2.4 Konsep Distorsi Pemberdayaan UKM

  Kendala-kendala dalam pemberdayaan tidak terlepas dari kelemahan dalam pengelolaan usaha kecil dan menengah itu sendiri.

  Menurut Marbun (1996:14) hambatan-hambatan yang ada seperti adanya anggapan masyarakat yang rendah terhadap kegioatan dunia usaha yang dijalankan selama ini, adanya sikap yang kompromistis dan kurang ambisius dalam mengejar peluang serta ketergantungan pada pihak-pihak tertentu, adanya keluarga besar ataupun kerabat besar, tidak berani mengambil resiko dari keputusan yang diambil, keinginan hasil yang lebih cepat, nepotisme, feodalisme.

  Sedangkan lebih lanjut menurut Subanar (2001:8) , berbagai kendala yang menyebabkan kelemahan serta hambatan bagi pengelolaan suatu usaha kecil diantaranya menyangkut faktor intern dari usaha kecil di antaranya masih menyangkut faktor intern dari usaha kecil itu sendiri serta beberapa faktor ekstern, seperti:

  a. Umumnya pengelola small-business merasa tidak memerlukan ataupun tidak pernah melakukan studi kelayakan, penelitian pasar, analisis perputaran uang tunia/kas, serta berbagai penelitian lain yang diperlukan suatu aktivitas bisnis.

  b. Tidak memiliki perencanaan sistem jangka panjang, sistem akutansi yang memadai, anggaran kebutuhan modal, struktur organisasi dan pendelegasian wewenang, serta alat-alat kegiatan manajerial lainnya (perencanaan pelaksanaan serta pengendalian usaha) yang umumnya diperlukan oleh suatu perusahaan bisnis yang profit oriented.

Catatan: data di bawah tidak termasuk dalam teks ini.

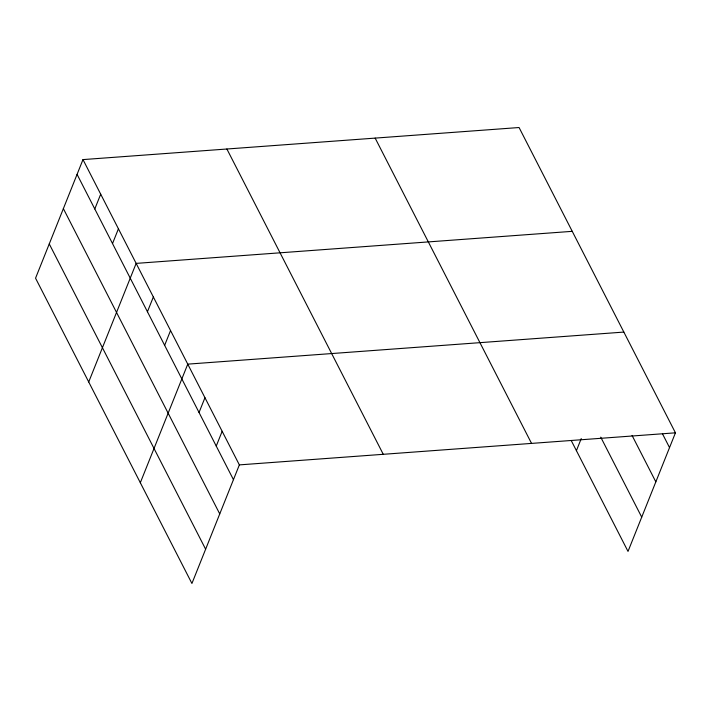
<?xml version="1.0" encoding="UTF-8"?>
<svg xmlns="http://www.w3.org/2000/svg" width="711" height="711" viewBox="0 0 711 711"><rect width="100%" height="100%" fill="white"/><g stroke="black" fill="none" stroke-linecap="round" stroke-linejoin="round"><path stroke-width="1.07" d="M82.983 159.593L35.55 278.179L191.926 583.473L239.358 464.887L82.983 159.593L519.074 127.527L675.45 432.821L628.017 551.407L571.36 440.784M94.794 208.972L100.704 194.192M112.516 243.571L118.426 228.791M88.715 381.976L136.148 263.39L572.239 231.333M147.435 311.756L153.354 296.976M164.641 345.342L170.551 330.553M140.325 482.725L187.757 364.139L623.849 332.081M199.044 412.504L204.955 397.716M216.242 446.09L222.152 431.301M576.417 450.667L581.251 438.571M239.358 464.887L675.45 432.821M662.456 433.781L669.54 447.61M632.061 435.443L655.835 481.862M600.742 437.149L641.722 517.155M375.159 138.112L531.544 443.406M226.889 149.008L383.265 454.302M77.072 174.373L233.448 479.667M63.368 208.625L219.743 513.92M49.255 243.917L205.63 549.212"/></g></svg>

  c. Kekurangan informasi bisnis, hanya mengacu pada instuisi dan ambisi pengelola, lemah dalam promosi. d. Kurangnya petunjuk pelaksanaan teknis operasional kegiatan dan pengawasan mutu hasil kerja dan produk, serta sering tidak konsisten dengan ketentuan order/pesanan, yang mengakibatkan klaim atau produk yang ditolak.

  e. Tingginya labour turn-over (PHK)

  f. Terlalu banyak biaya-biaya yang di luar pengendalian serta utang yang tidak bermanfaat, juga tidak dipatuhinya ketentuan- ketentuan pembukuan standar.

  g. Pembagian kerja tidak proposional, sering terjadi pengelola memiliki pekerjaan yang melimpah atau karyawan yang bekerja di luar batas jam kerja standar.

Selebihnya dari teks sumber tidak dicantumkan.